HTH && greetz  :Smile: 

----------

## Audiopain

czy przy tych ustawieniach system "mowi" do ciebie po polsku?

----------

## psycepa

w sensie ze jak ? :Smile: 

komunikaty programów czy jak ? bo nie bardzo teraz wiem 'osochozi'  :Smile: 

----------

## psotnik

 :Embarassed:  miałem wpisane w /etc/rc.conf CONSOLEFONT="lat2a-16" 
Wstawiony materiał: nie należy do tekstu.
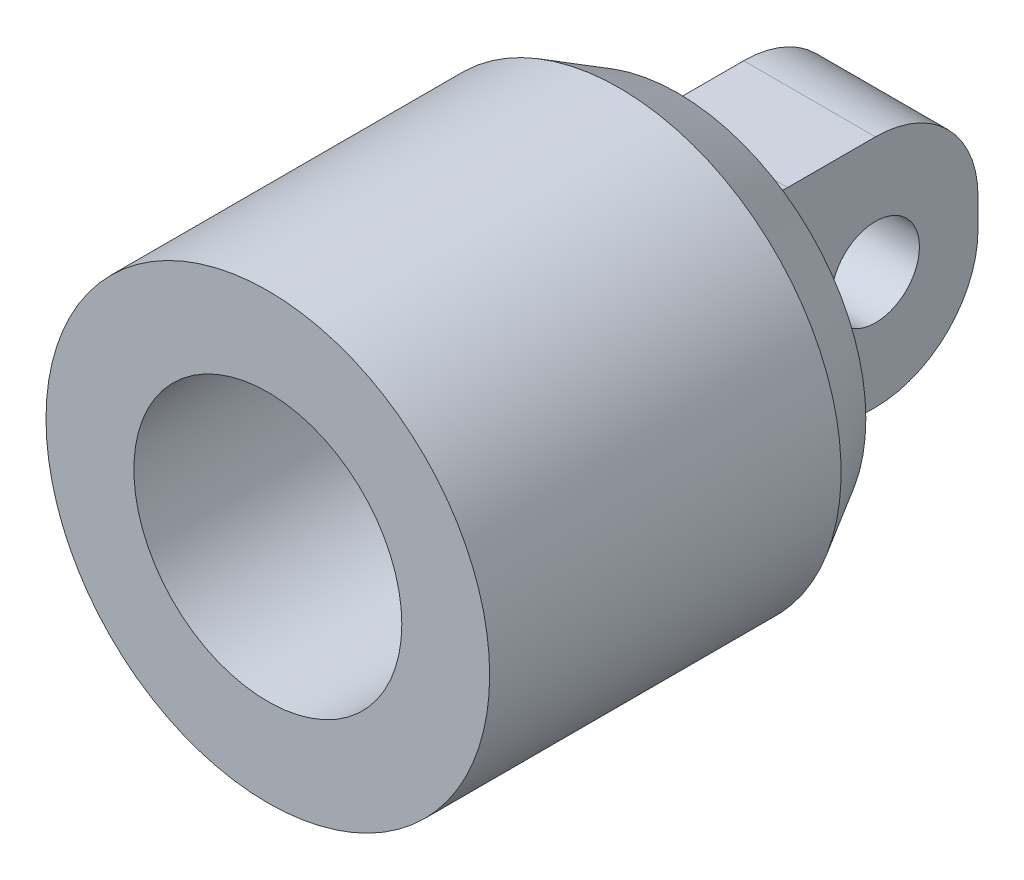
ISO-10303-21;
HEADER;
FILE_DESCRIPTION(('STEP AP214'),'2;1');
FILE_NAME('part.step','',(''),(''),'','','');
FILE_SCHEMA(('AUTOMOTIVE_DESIGN { 1 0 10303 214 1 1 1 1 }'));
ENDSEC;
DATA;
#1=APPLICATION_CONTEXT('core data for automotive mechanical design processes');
#2=APPLICATION_PROTOCOL_DEFINITION('international standard','automotive_design',2000,#1);
#3=PRODUCT_CONTEXT('',#1,'mechanical');
#4=PRODUCT('Part','Part','',(#3));
#5=PRODUCT_RELATED_PRODUCT_CATEGORY('part','',(#4));
#6=PRODUCT_DEFINITION_FORMATION('','',#4);
#7=PRODUCT_DEFINITION_CONTEXT('part definition',#1,'design');
#8=PRODUCT_DEFINITION('design','',#6,#7);
#9=PRODUCT_DEFINITION_SHAPE('','',#8);
#10=(LENGTH_UNIT() NAMED_UNIT(*) SI_UNIT(.MILLI.,.METRE.));
#11=(NAMED_UNIT(*) PLANE_ANGLE_UNIT() SI_UNIT($,.RADIAN.));
#12=(NAMED_UNIT(*) SI_UNIT($,.STERADIAN.) SOLID_ANGLE_UNIT());
#13=UNCERTAINTY_MEASURE_WITH_UNIT(LENGTH_MEASURE(1.E-05),#10,'distance_accuracy_value','');
#14=(GEOMETRIC_REPRESENTATION_CONTEXT(3) GLOBAL_UNCERTAINTY_ASSIGNED_CONTEXT((#13)) GLOBAL_UNIT_ASSIGNED_CONTEXT((#10,
#11,#12)) REPRESENTATION_CONTEXT('',''));
#15=CARTESIAN_POINT('',(0.,0.,0.));
#16=DIRECTION('',(0.,0.,1.));
#17=DIRECTION('',(1.,0.,0.));
#18=AXIS2_PLACEMENT_3D('',#15,#16,#17);
#19=CARTESIAN_POINT('',(0.,0.,-2.));
#20=DIRECTION('',(0.,0.,-1.));
#21=DIRECTION('',(-1.,0.,0.));
#22=AXIS2_PLACEMENT_3D('',#19,#20,#21);
#23=PLANE('',#22);
#24=CARTESIAN_POINT('',(0.,0.,-2.));
#25=DIRECTION('',(0.,0.,-1.));
#26=DIRECTION('',(-1.,0.,0.));
#27=AXIS2_PLACEMENT_3D('',#24,#25,#26);
#28=CIRCLE('',#27,6.42029946162075);
#29=CARTESIAN_POINT('',(-6.42029946162075,0.,-2.));
#30=VERTEX_POINT('',#29);
#31=EDGE_CURVE('E40',#30,#30,#28,.T.);
#32=ORIENTED_EDGE('',*,*,#31,.T.);
#33=EDGE_LOOP('',(#32));
#34=FACE_BOUND('',#33,.T.);
#35=DIRECTION('',(0.,-1.,0.));
#36=VECTOR('',#35,1.);
#37=CARTESIAN_POINT('',(-3.05,-5.5,-2.));
#38=LINE('',#37,#36);
#39=CARTESIAN_POINT('',(-3.05,5.5,-2.));
#40=VERTEX_POINT('',#39);
#41=CARTESIAN_POINT('',(-3.05,-5.5,-2.));
#42=VERTEX_POINT('',#41);
#43=EDGE_CURVE('E191',#40,#42,#38,.T.);
#44=ORIENTED_EDGE('',*,*,#43,.T.);
#45=DIRECTION('',(-1.,0.,0.));
#46=VECTOR('',#45,1.);
#47=CARTESIAN_POINT('',(0.,-5.5,-2.));
#48=LINE('',#47,#46);
#49=CARTESIAN_POINT('',(3.05,-5.5,-2.));
#50=VERTEX_POINT('',#49);
#51=EDGE_CURVE('E177',#42,#50,#48,.F.);
#52=ORIENTED_EDGE('',*,*,#51,.T.);
#53=DIRECTION('',(0.,-1.,0.));
#54=VECTOR('',#53,1.);
#55=CARTESIAN_POINT('',(3.05,0.,-2.));
#56=LINE('',#55,#54);
#57=CARTESIAN_POINT('',(3.05,5.5,-2.));
#58=VERTEX_POINT('',#57);
#59=EDGE_CURVE('E188',#50,#58,#56,.F.);
#60=ORIENTED_EDGE('',*,*,#59,.T.);
#61=DIRECTION('',(-1.,0.,0.));
#62=VECTOR('',#61,1.);
#63=CARTESIAN_POINT('',(0.,5.5,-2.));
#64=LINE('',#63,#62);
#65=EDGE_CURVE('E175',#58,#40,#64,.T.);
#66=ORIENTED_EDGE('',*,*,#65,.T.);
#67=EDGE_LOOP('',(#44,#52,#60,#66));
#68=FACE_BOUND('',#67,.T.);
#69=ADVANCED_FACE('F32',(#34,#68),#23,.T.);
#70=CARTESIAN_POINT('',(0.,0.,12.));
#71=DIRECTION('',(0.,0.,1.));
#72=DIRECTION('',(1.,0.,0.));
#73=AXIS2_PLACEMENT_3D('',#70,#71,#72);
#74=PLANE('',#73);
#75=CARTESIAN_POINT('',(0.,0.,12.));
#76=DIRECTION('',(0.,0.,1.));
#77=DIRECTION('',(1.,0.,0.));
#78=AXIS2_PLACEMENT_3D('',#75,#76,#77);
#79=CIRCLE('',#78,7.575);
#80=CARTESIAN_POINT('',(7.575,0.,12.));
#81=VERTEX_POINT('',#80);
#82=EDGE_CURVE('E133',#81,#81,#79,.T.);
#83=ORIENTED_EDGE('',*,*,#82,.T.);
#84=EDGE_LOOP('',(#83));
#85=FACE_BOUND('',#84,.T.);
#86=CARTESIAN_POINT('',(0.,0.,12.));
#87=DIRECTION('',(0.,0.,1.));
#88=DIRECTION('',(1.,0.,0.));
#89=AXIS2_PLACEMENT_3D('',#86,#87,#88);
#90=CIRCLE('',#89,4.575);
#91=CARTESIAN_POINT('',(4.575,0.,12.));
#92=VERTEX_POINT('',#91);
#93=EDGE_CURVE('E148',#92,#92,#90,.T.);
#94=ORIENTED_EDGE('',*,*,#93,.F.);
#95=EDGE_LOOP('',(#94));
#96=FACE_BOUND('',#95,.T.);
#97=ADVANCED_FACE('F245',(#85,#96),#74,.T.);
#98=CARTESIAN_POINT('',(0.,0.,12.));
#99=DIRECTION('',(0.,0.,-1.));
#100=DIRECTION('',(-1.,0.,0.));
#101=AXIS2_PLACEMENT_3D('',#98,#99,#100);
#102=CYLINDRICAL_SURFACE('',#101,7.575);
#103=CARTESIAN_POINT('',(0.,0.,0.));
#104=DIRECTION('',(0.,0.,-1.));
#105=DIRECTION('',(-1.,0.,0.));
#106=AXIS2_PLACEMENT_3D('',#103,#104,#105);
#107=CIRCLE('',#106,7.575);
#108=CARTESIAN_POINT('',(-7.575,0.,0.));
#109=VERTEX_POINT('',#108);
#110=EDGE_CURVE('E11',#109,#109,#107,.F.);
#111=ORIENTED_EDGE('',*,*,#110,.T.);
#112=EDGE_LOOP('',(#111));
#113=FACE_BOUND('',#112,.T.);
#114=ORIENTED_EDGE('',*,*,#82,.F.);
#115=EDGE_LOOP('',(#114));
#116=FACE_BOUND('',#115,.T.);
#117=ADVANCED_FACE('F251',(#113,#116),#102,.T.);
#118=CARTESIAN_POINT('',(0.,0.,12.));
#119=DIRECTION('',(0.,0.,-1.));
#120=DIRECTION('',(-1.,0.,0.));
#121=AXIS2_PLACEMENT_3D('',#118,#119,#120);
#122=CYLINDRICAL_SURFACE('',#121,4.575);
#123=ORIENTED_EDGE('',*,*,#93,.T.);
#124=EDGE_LOOP('',(#123));
#125=FACE_BOUND('',#124,.T.);
#126=CARTESIAN_POINT('',(0.,0.,0.));
#127=DIRECTION('',(0.,0.,1.));
#128=DIRECTION('',(1.,0.,0.));
#129=AXIS2_PLACEMENT_3D('',#126,#127,#128);
#130=CIRCLE('',#129,4.575);
#131=CARTESIAN_POINT('',(4.575,0.,0.));
#132=VERTEX_POINT('',#131);
#133=EDGE_CURVE('E151',#132,#132,#130,.T.);
#134=ORIENTED_EDGE('',*,*,#133,.F.);
#135=EDGE_LOOP('',(#134));
#136=FACE_BOUND('',#135,.T.);
#137=ADVANCED_FACE('F263',(#125,#136),#122,.F.);
#138=CARTESIAN_POINT('',(0.,0.,0.));
#139=DIRECTION('',(0.,0.,-1.));
#140=DIRECTION('',(-1.,0.,0.));
#141=AXIS2_PLACEMENT_3D('',#138,#139,#140);
#142=PLANE('',#141);
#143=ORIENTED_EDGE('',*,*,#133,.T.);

Działa super  :Smile:  thx

A tak na marginesie w windows jest standardowo kodowanie iso czy cp w pl-version??

----------

## argasek

 *psotnik wrote:*   

>  miałem wpisane w /etc/rc.conf CONSOLEFONT="lat2a-16" 
> 
> Działa super  thx
> 
> A tak na marginesie w windows jest standardowo kodowanie iso czy cp w pl-version??

 

Czy myślisz, że MS trzymałby się standardu, gdy mógł zrobić swój pseudo?  :Wink: 

----------

## psycepa

 *psotnik wrote:*   

>  miałem wpisane w /etc/rc.conf CONSOLEFONT="lat2a-16" 
> 
> Działa super  thx
> 
> A tak na marginesie w windows jest standardowo kodowanie iso czy cp w pl-version??

 

tzn mi sie obilo gdzies o oczy ze niby NTFS zapisuje pliki uzywajac unicodu, ALE glowy ani reki za to nie dam, moglem byc pijany itd... 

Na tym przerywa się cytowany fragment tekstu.